ASSIGNED TASK: Starting at the line that contains "settings Model: LastModifiedBy=Froriep" and stopping at the line that contains "Gain : Gain", restate each line of the records below exactly. Omit the pictures.

+---+

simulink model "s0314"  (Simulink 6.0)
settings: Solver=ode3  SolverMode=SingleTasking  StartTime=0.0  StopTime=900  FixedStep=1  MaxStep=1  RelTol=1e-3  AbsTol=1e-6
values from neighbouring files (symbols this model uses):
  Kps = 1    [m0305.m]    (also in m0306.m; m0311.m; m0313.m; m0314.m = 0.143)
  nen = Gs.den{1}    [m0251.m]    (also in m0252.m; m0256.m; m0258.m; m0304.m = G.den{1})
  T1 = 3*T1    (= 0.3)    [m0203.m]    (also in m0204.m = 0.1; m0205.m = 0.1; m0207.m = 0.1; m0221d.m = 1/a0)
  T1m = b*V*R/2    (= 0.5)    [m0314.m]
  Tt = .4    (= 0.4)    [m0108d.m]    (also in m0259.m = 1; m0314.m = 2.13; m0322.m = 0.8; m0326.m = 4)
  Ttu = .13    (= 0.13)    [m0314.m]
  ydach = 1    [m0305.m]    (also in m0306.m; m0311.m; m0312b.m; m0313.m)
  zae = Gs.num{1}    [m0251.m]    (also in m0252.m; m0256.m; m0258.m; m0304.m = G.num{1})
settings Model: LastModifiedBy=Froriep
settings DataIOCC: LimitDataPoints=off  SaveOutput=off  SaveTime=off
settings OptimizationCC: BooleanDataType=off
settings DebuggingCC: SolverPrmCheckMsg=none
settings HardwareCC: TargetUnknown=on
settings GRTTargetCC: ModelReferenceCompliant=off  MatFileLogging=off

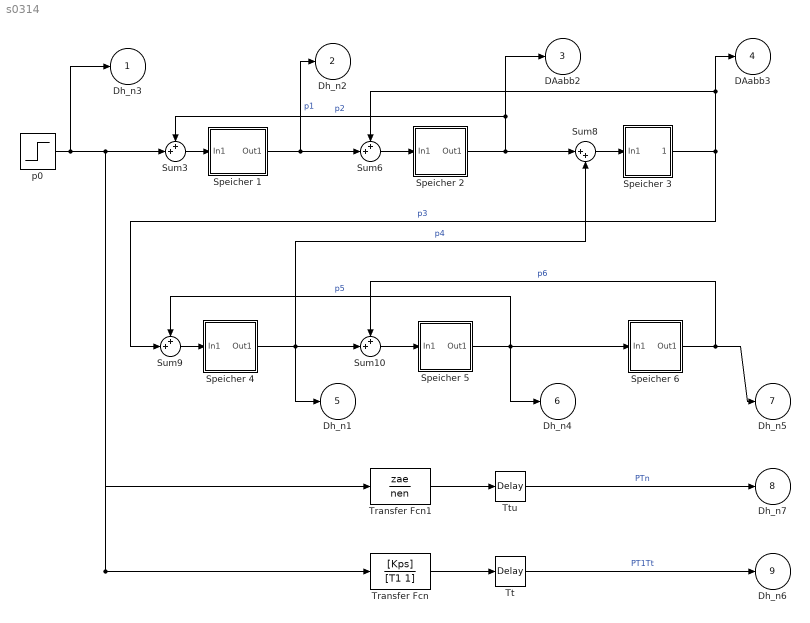
== system s0314 ==
  Speicher 1 : Subsystem
  Speicher 2 : Subsystem
  Speicher 3 : Subsystem
  Speicher 4 : Subsystem
  Speicher 5 : Subsystem
  Speicher 6 : Subsystem
  Sum{3,6,9..10} (4 alike) : Sum  Inputs=++|
  Sum8 : Sum  Inputs=|++
  Transfer Fcn : TransferFcn  Numerator=[Kps]  Denominator=[T1 1]
  Transfer Fcn1 : TransferFcn  Numerator=zae  Denominator=nen
  Tt : TransportDelay  DelayTime=Tt
  Ttu : TransportDelay  DelayTime=Ttu
  p0 : Step  Time=0  After=ydach  SampleTime=0
  Dh_n3 : Outport
  Dh_n2 : Outport  Port=2
  DAabb2 : Outport  Port=3
  DAabb3 : Outport  Port=4
  Dh_n1 : Outport  Port=5
  Dh_n4 : Outport  Port=6
  Dh_n5 : Outport  Port=7
  Dh_n7 : Outport  Port=8
  Dh_n6 : Outport  Port=9
  wires:
  Sum3/1 -> Speicher 1/1(In1)
  p0/1 -> Dh_n3/1, Sum3/2, Transfer Fcn/1, Transfer Fcn1/1
  Sum6/1 -> Speicher 2/1(In1)
  Transfer Fcn/1 -> Tt/1
  Tt/1 -> Dh_n6/1  "PT1Tt"
  Sum8/1 -> Speicher 3/1(In1)
  Sum9/1 -> Speicher 4/1(In1)
  Sum10/1 -> Speicher 5/1(In1)
  Speicher 1/1(Out1) -> Sum6/2, Dh_n2/1  "p1"
  Speicher 2/1(Out1) -> DAabb2/1, Sum3/1, Sum8/1  "p2"
  Speicher 3/1(Out1) -> DAabb3/1, Sum6/1, Sum9/2  "p3"
  Speicher 4/1(Out1) -> Sum10/2, Sum8/2, Dh_n1/1  "p4"
  Speicher 5/1(Out1) -> Speicher 6/1(In1), Dh_n4/1, Sum9/1  "p5"
  Speicher 6/1(Out1) -> Dh_n5/1, Sum10/1  "p6"
  Transfer Fcn1/1 -> Ttu/1
  Ttu/1 -> Dh_n7/1  "PTn"

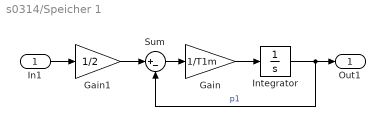
== system s0314/Speicher 1 ==
  In1 : Inport  Port=1  LatchInput=off
  Gain : Gain  Gain=1/T1m
  Gain1 : Gain  Gain=1/2
  Integrator : Integrator
  Sum : Sum  Inputs=|+-
  Out1 : Outport
  wires:
  Gain1/1 -> Sum/1
  Integrator/1 -> Sum/2, Out1/1  "p1"
  Sum/1 -> Gain/1
  Gain/1 -> Integrator/1
  In1/1 -> Gain1/1

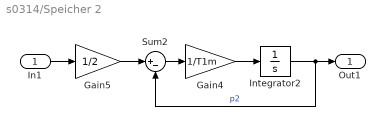
== system s0314/Speicher 2 ==
  In1 : Inport  Port=1  LatchInput=off
  Gain4 : Gain  Gain=1/T1m
  Gain5 : Gain  Gain=1/2
  Integrator2 : Integrator
  Sum2 : Sum  Inputs=|+-
  Out1 : Outport
  wires:
  Gain4/1 -> Integrator2/1
  Sum2/1 -> Gain4/1
  Integrator2/1 -> Sum2/2, Out1/1  "p2"
  Gain5/1 -> Sum2/1
  In1/1 -> Gain5/1

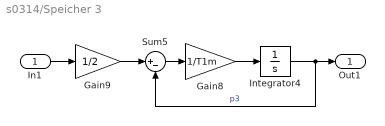
== system s0314/Speicher 3 ==
  In1 : Inport  Port=1  LatchInput=off
  Gain8 : Gain  Gain=1/T1m
  Gain9 : Gain  Gain=1/2
  Integrator4 : Integrator
  Sum5 : Sum  Inputs=|+-
  Out1 : Outport
  wires:
  Gain8/1 -> Integrator4/1
  Sum5/1 -> Gain8/1
  Integrator4/1 -> Sum5/2, Out1/1  "p3"
  Gain9/1 -> Sum5/1
  In1/1 -> Gain9/1

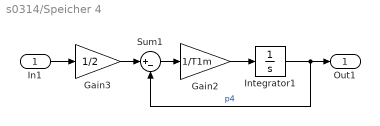
== system s0314/Speicher 4 ==
  In1 : Inport  Port=1  LatchInput=off
  Gain2 : Gain  Gain=1/T1m
  Gain3 : Gain  Gain=1/2
  Integrator1 : Integrator
  Sum1 : Sum  Inputs=|+-
  Out1 : Outport
  wires:
  Gain2/1 -> Integrator1/1
  Sum1/1 -> Gain2/1
  Integrator1/1 -> Sum1/2, Out1/1  "p4"
  Gain3/1 -> Sum1/1
  In1/1 -> Gain3/1

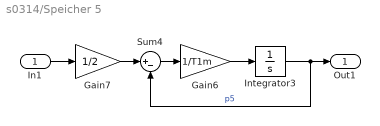
== system s0314/Speicher 5 ==
  In1 : Inport  Port=1  LatchInput=off
  Gain6 : Gain  Gain=1/T1m
  Gain7 : Gain  Gain=1/2
  Integrator3 : Integrator
  Sum4 : Sum  Inputs=|+-
  Out1 : Outport
  wires:
  Gain6/1 -> Integrator3/1
  Sum4/1 -> Gain6/1
  Integrator3/1 -> Sum4/2, Out1/1  "p5"
  Gain7/1 -> Sum4/1
  In1/1 -> Gain7/1

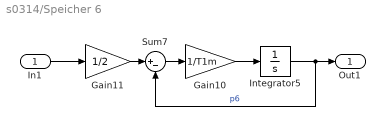
== system s0314/Speicher 6 ==
  In1 : Inport  Port=1  LatchInput=off
  Gain10 : Gain  Gain=1/T1m
  Gain11 : Gain  Gain=1/2
  Integrator5 : Integrator
  Sum7 : Sum  Inputs=|+-
  Out1 : Outport
  wires:
  Gain10/1 -> Integrator5/1
  Sum7/1 -> Gain10/1
  Integrator5/1 -> Sum7/2, Out1/1  "p6"
  Gain11/1 -> Sum7/1
  In1/1 -> Gain11/1

+---+

ANSWER BOX:
settings Model: LastModifiedBy=Froriep
settings DataIOCC: LimitDataPoints=off  SaveOutput=off  SaveTime=off
settings OptimizationCC: BooleanDataType=off
settings DebuggingCC: SolverPrmCheckMsg=none
settings HardwareCC: TargetUnknown=on
settings GRTTargetCC: ModelReferenceCompliant=off  MatFileLogging=off

== system s0314 ==
  Speicher 1 : Subsystem
  Speicher 2 : Subsystem
  Speicher 3 : Subsystem
  Speicher 4 : Subsystem
  Speicher 5 : Subsystem
  Speicher 6 : Subsystem
  Sum{3,6,9..10} (4 alike) : Sum  Inputs=++|
  Sum8 : Sum  Inputs=|++
  Transfer Fcn : TransferFcn  Numerator=[Kps]  Denominator=[T1 1]
  Transfer Fcn1 : TransferFcn  Numerator=zae  Denominator=nen
  Tt : TransportDelay  DelayTime=Tt
  Ttu : TransportDelay  DelayTime=Ttu
  p0 : Step  Time=0  After=ydach  SampleTime=0
  Dh_n3 : Outport
  Dh_n2 : Outport  Port=2
  DAabb2 : Outport  Port=3
  DAabb3 : Outport  Port=4
  Dh_n1 : Outport  Port=5
  Dh_n4 : Outport  Port=6
  Dh_n5 : Outport  Port=7
  Dh_n7 : Outport  Port=8
  Dh_n6 : Outport  Port=9
  wires:
  Sum3/1 -> Speicher 1/1(In1)
  p0/1 -> Dh_n3/1, Sum3/2, Transfer Fcn/1, Transfer Fcn1/1
  Sum6/1 -> Speicher 2/1(In1)
  Transfer Fcn/1 -> Tt/1
  Tt/1 -> Dh_n6/1  "PT1Tt"
  Sum8/1 -> Speicher 3/1(In1)
  Sum9/1 -> Speicher 4/1(In1)
  Sum10/1 -> Speicher 5/1(In1)
  Speicher 1/1(Out1) -> Sum6/2, Dh_n2/1  "p1"
  Speicher 2/1(Out1) -> DAabb2/1, Sum3/1, Sum8/1  "p2"
  Speicher 3/1(Out1) -> DAabb3/1, Sum6/1, Sum9/2  "p3"
  Speicher 4/1(Out1) -> Sum10/2, Sum8/2, Dh_n1/1  "p4"
  Speicher 5/1(Out1) -> Speicher 6/1(In1), Dh_n4/1, Sum9/1  "p5"
  Speicher 6/1(Out1) -> Dh_n5/1, Sum10/1  "p6"
  Transfer Fcn1/1 -> Ttu/1
  Ttu/1 -> Dh_n7/1  "PTn"

== system s0314/Speicher 1 ==
  In1 : Inport  Port=1  LatchInput=off
  Gain : Gain  Gain=1/T1m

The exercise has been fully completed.